🤖 AI Summary
This work addresses the fundamental trade-off in existing 3D world modeling between static scene generation and dynamic controllability: static methods lack agent interaction capabilities, while controllable entity models suffer from uncontrolled environments and insufficient action openness. To bridge this gap, we propose the first unified framework that jointly handles static world generation and controllable entity modeling—a natural language–driven, end-to-end approach enabling arbitrary user-specified agents to perform diverse, long-horizon, semantically grounded actions (e.g., walking, object interaction, free exploration) within arbitrary 3D Gaussian Splatting (3DGS) scenes.

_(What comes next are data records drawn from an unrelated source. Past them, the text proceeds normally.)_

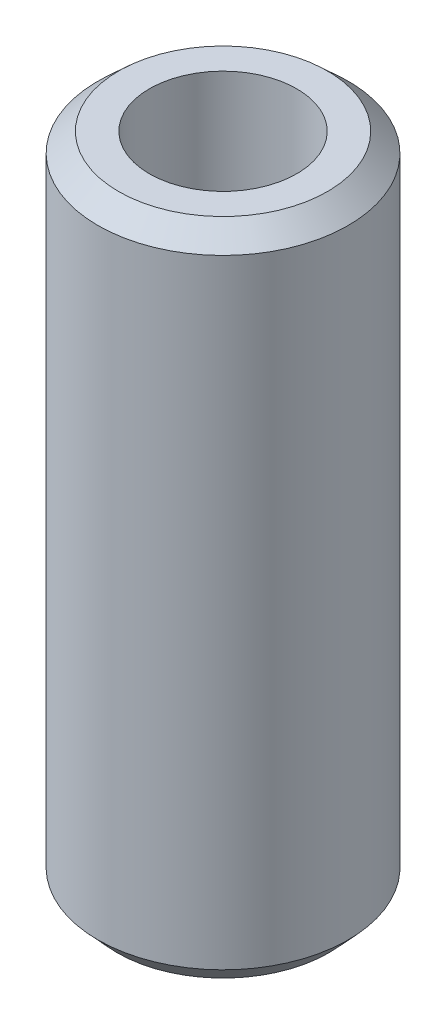
SolidWorks part; units mm, degrees
ref_plane "Front Plane" through (0, 0, 0) normal (0, 0, 1) x (1, 0, 0)
ref_plane "Top Plane" through (0, 0, 0) normal (0, 1, 0) x (1, 0, 0)
ref_plane "Right Plane" through (0, 0, 0) normal (1, 0, 0) x (0, 0, -1)
sketch "Sketch1" plane through (0, 0, 0) normal (0, 1, 0) x (1, 0, 0)
  circle A0 centre (0, 0) radius 10
  dimension "SHAFT_OD" = 20
extrude "Boss-Extrude1" add sketch "Sketch1" along normal blind 52.6283
sketch "Sketch2" plane through (0, 0, 0) normal (0, 1, 0) x (1, 0, 0)
  circle A0 centre (0, 0) radius 5.89
  dimension "BORE_D" = 11.78
extrude "Cut-Extrude1" cut sketch "Sketch2" along normal through all
chamfer "Chamfer1" distance 1.5254 angle 47.274 2 edges at (0, 52.6283, 10) (0, 0, 10) first distance on face at (0, 52.6283, 10) first distance on face at (0, 0, 5.89)
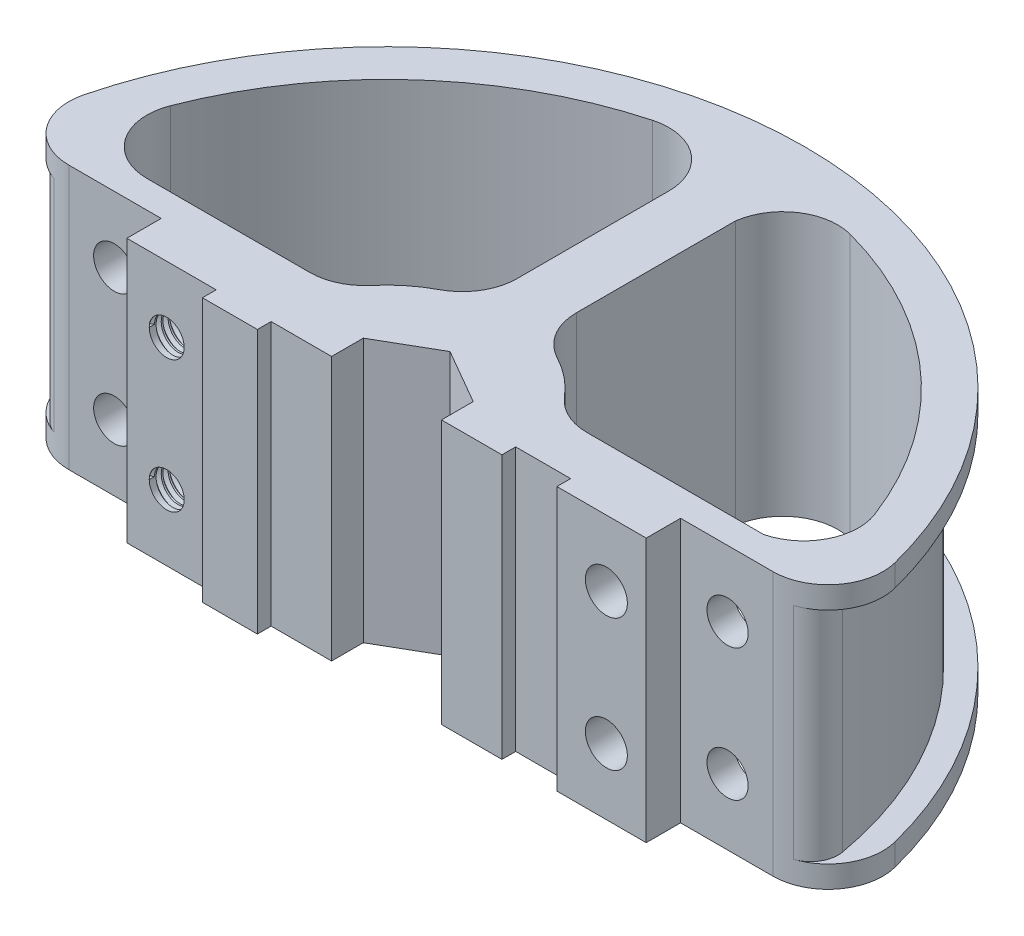
SolidWorks part; units mm, degrees
ref_plane "Front Plane" through (0, 0, 0) normal (0, 0, 1) x (1, 0, 0)
ref_plane "Top Plane" through (0, 0, 0) normal (0, 1, 0) x (1, 0, 0)
ref_plane "Right Plane" through (0, 0, 0) normal (1, 0, 0) x (0, 0, -1)
sketch "Sketch1" plane through (0, 0, 0) normal (0, 1, 0) x (1, 0, 0)
  line L2 (19.685, 0) -> (19.685, 1.5875)
  line L3 (-30.0038, 3.9688) -> (-40.6854, 3.9687)
  line L5 (0, 7.3323) -> (-6.35, 3.6662)
  line L6 (-6.35, 3.6662) -> (-6.35, 0)
  line L9 (6.35, 0) -> (6.35, 3.6662)
  line L10 (6.35, 3.6662) -> (0, 7.3323)
  line L12 (30.0037, 3.9688) -> (40.6854, 3.9688)
  line L13 (-30.0038, 0) -> (-30.0038, 3.9688)
  line L14 (-34.8254, 7.1437) -> (-16.0133, 7.1438)
  line L15 (-3.4223, 36.0471) -> (-3.4223, 18.5205)
  line L16 (3.4223, 36.8893) -> (3.4223, 18.5205)
  line L17 (36.4146, 7.1438) -> (16.0133, 7.1437)
  line L18 (-6.35, 0) -> (-13.335, 0)
  line L19 (6.35, 0) -> (13.335, 0)
  line L20 (-19.685, 0) -> (-19.685, -1.5875)
  line L21 (-19.685, -1.5875) -> (-13.335, -1.5875)
  line L22 (-13.335, -1.5875) -> (-13.335, 0)
  line L23 (-19.685, 0) -> (-30.0038, 0)
  line L26 (13.335, 0) -> (13.335, 1.5875)
  line L27 (13.335, 1.5875) -> (19.685, 1.5875)
  line L28 (19.685, 1.5875) -> (19.685, 0)
  line L29 (19.685, 0) -> (30.0037, 0)
  line L30 (-6.35, -3.6662) -> (0, -7.3323) [skipped]
  line L31 (0, -7.3323) -> (3.175, -5.4993) [skipped]
  line L32 (30.0037, 0) -> (30.0037, 3.9688)
  arc A1 (-11.4338, 42.1759) -> (-40.7465, 15.788) centre (0, 0) ccw
  arc A2 (3.4223, 36.8893) -> (11.3704, 42.193) centre (9.7181, 36.0618) cw
  arc A3 (-3.4223, 36.0471) -> (-11.4338, 42.1759) centre (-9.7723, 36.0471) ccw
  arc A5 (6.35, 0) -> (-6.35, 0) centre (0, 0) ccw construction
  arc A8 (-34.8254, 7.1437) -> (-40.7465, 15.788) centre (-34.8254, 13.4937) cw
  arc A9 (40.8294, 15.5725) -> (11.3704, 42.193) centre (0, 0) ccw
  arc A10 (36.4146, 7.1438) -> (40.8294, 15.5725) centre (34.8963, 13.3095) ccw
  arc A15 (-11.4338, 42.1759) -> (-40.7465, 15.788) centre (0, 0) ccw
  arc A16 (11.1574, 9.4019) -> (6.8089, 12.9044) centre (0, 0) ccw
  arc A17 (-6.8089, 12.9044) -> (-11.1574, 9.4019) centre (0, 0) ccw
  arc A18 (16.0133, 7.1437) -> (11.1574, 9.4019) centre (16.0133, 13.4937) cw
  arc A19 (3.4223, 18.5205) -> (6.8089, 12.9044) centre (9.7723, 18.5205) ccw
  arc A20 (-3.4223, 18.5205) -> (-6.8089, 12.9044) centre (-9.7723, 18.5205) cw
  arc A21 (-16.0133, 7.1438) -> (-11.1574, 9.4019) centre (-16.0133, 13.4938) ccw
  arc A24 (46.8405, 11.8798) -> (-46.8405, 11.8798) centre (0, 0) ccw
  arc A25 (46.8405, 11.8798) -> (40.6854, 3.9688) centre (40.6854, 10.3188) cw
  arc A26 (-40.6854, 3.9687) -> (-46.8405, 11.8798) centre (-40.6854, 10.3187) cw
  point P30 (43.5089, 4.0642)
  point P33 (-3.4223, 14.1835)
  point P35 (18.1219, 7.1437)
  point P36 (-48.3235, 0)
  dimension "D1" = 6.35
  dimension "D2" = 6.35
  dimension "D4" = 6.35
  dimension "D5" = 6.35
  dimension "D6" = 6.35
  dimension "D7" = 48.3235
  dimension "D8" = 7.1437
  dimension "D3" = 12.7
extrude "Boss-Extrude1" add sketch "Sketch1" along normal blind 30.48 contours A26 L3 L13 L23 L20 L21 L22 L18 L6 L5 L10 L9 L19 L26 L27 L2 L29 L32 L12 A25 A24 A21 L14 A8 A1 A3 L15 A20 A17 A19 L16 A2 A9 A10 L17 A18 A16 region at (-0.2716, 0, -20.5788)
sketch "Sketch4" plane through (0, 0, 0) normal (0, 0, 1) x (1, 0, 0)
  line L6 (-45.5114, 27.94) -> (-45.5114, 2.54)
  line L8 (-45.5114, 27.94) -> (-56.4907, 27.94)
  line L9 (-56.4907, 27.94) -> (-56.4907, 2.54)
  line L10 (-56.4907, 2.54) -> (-45.5114, 2.54)
  line L11 (0, -4.3574) -> (0, 34.0125)
revolve "Cut-Revolve1" cut sketch "Sketch4" angle 360 about L11 region at (-51.001, 15.24, 0)
fillet "Fillet2" radius 3.175 2 edges at (-45.141, 15.24, -5.7944) (45.141, 15.24, -5.7944)
sketch "Sketch5" plane through (0, 0, 0) normal (0, 0, 1) x (1, 0, 0)
  circle A2 centre (-35.433, 22.86) radius 2.3812
  circle A3 centre (-35.433, 7.62) radius 2.3812
  circle A4 centre (35.433, 22.86) radius 2.3812
  circle A5 centre (35.433, 7.62) radius 2.3812
extrude "Cut-Extrude1" cut sketch "Sketch5" against normal blind 12.7
sketch "Sketch6" plane through (0, 0, 0) normal (0, 0, 1) x (1, 0, 0)
  circle A0 centre (-25.4, 22.86) radius 2.0193
  circle A1 centre (-25.4, 7.62) radius 2.0193
  circle A2 centre (25.4, 7.62) radius 2.4257
  circle A3 centre (25.4, 22.86) radius 2.4257
  dimension "D1" = 4.0386
  dimension "D2" = 4.8514
extrude "Cut-Extrude2" cut sketch "Sketch6" against normal blind 12.7
thread "Thread1" pitch 0.7937 method cut profile "Thread Profile1" start angle 0, offset 0, length 10, pitch 0.7937, diameter 4.0386
ref_plane "Plane1" through (-27.4193, 22.86, 0) normal (0, -1, 0) x (-1, 0, 0)
sketch "Thread Profile1" plane through (-27.4193, 22.86, 0) normal (0, -1, 0) x (-1, 0, 0)
  line L0 (0, 0) -> (0, 0.7937) construction
  line L1 (0, 0) -> (0.4296, 0.248)
  line L2 (0.4296, 0.248) -> (0.4296, 0.3473)
  line L3 (0.4296, 0.3473) -> (0, 0.5953)
  line L4 (0.4296, 0.2977) -> (0, 0.2977) construction
  line L11 (0, 0) -> (0, 0.5953)
  point P2 (0, 0)
  dimension "Pitch" = 0.7937
  dimension "Profile_Angle" = 60
  dimension "Profile_Land" = 0.0992
  dimension "Profile_Height" = 0.4296
thread "Thread2" pitch 0.7937 method cut profile "Thread Profile2" start angle 0, offset 0, length 10, pitch 0.7937, diameter 4.0386
ref_plane "Plane2" through (-27.4193, 7.62, 0) normal (0, -1, 0) x (-1, 0, 0)
sketch "Thread Profile2" plane through (-27.4193, 7.62, 0) normal (0, -1, 0) x (-1, 0, 0)
  line L0 (0, 0) -> (0, 0.7937) construction
  line L1 (0, 0) -> (0.4296, 0.248)
  line L2 (0.4296, 0.248) -> (0.4296, 0.3473)
  line L3 (0.4296, 0.3473) -> (0, 0.5953)
  line L4 (0.4296, 0.2977) -> (0, 0.2977) construction
  line L11 (0, 0) -> (0, 0.5953)
  point P2 (0, 0)
  dimension "Pitch" = 0.7937
  dimension "Profile_Angle" = 60
  dimension "Profile_Land" = 0.0992
  dimension "Profile_Height" = 0.4296

Our method leverages a pretrained video generator, integrates 3DGS scene encoding with text instruction alignment, and introduces motion-augmented conditional autoregressive modeling. Experiments demonstrate significant improvements over prior art in visual fidelity, agent identity consistency, action controllability, and temporal coherence, with strong generalization across unseen agents and scenes.
📝 Abstract
Recent advances in world models have greatly enhanced interactive environment simulation. Existing methods mainly fall into two categories: (1) static world generation models, which construct 3D environments without active agents, and (2) controllable-entity models, which allow a single entity to perform limited actions in an otherwise uncontrollable environment. In this work, we introduce AniX, leveraging the realism and structural grounding of static world generation while extending controllable-entity models to support user-specified characters capable of performing open-ended actions. Users can provide a 3DGS scene and a character, then direct the character through natural language to perform diverse behaviors from basic locomotion to object-centric interactions while freely exploring the environment. AniX synthesizes temporally coherent video clips that preserve visual fidelity with the provided scene and character, formulated as a conditional autoregressive video generation problem. Built upon a pre-trained video generator, our training strategy significantly enhances motion dynamics while maintaining generalization across actions and characters. Our evaluation covers a broad range of aspects, including visual quality, character consistency, action controllability, and long-horizon coherence.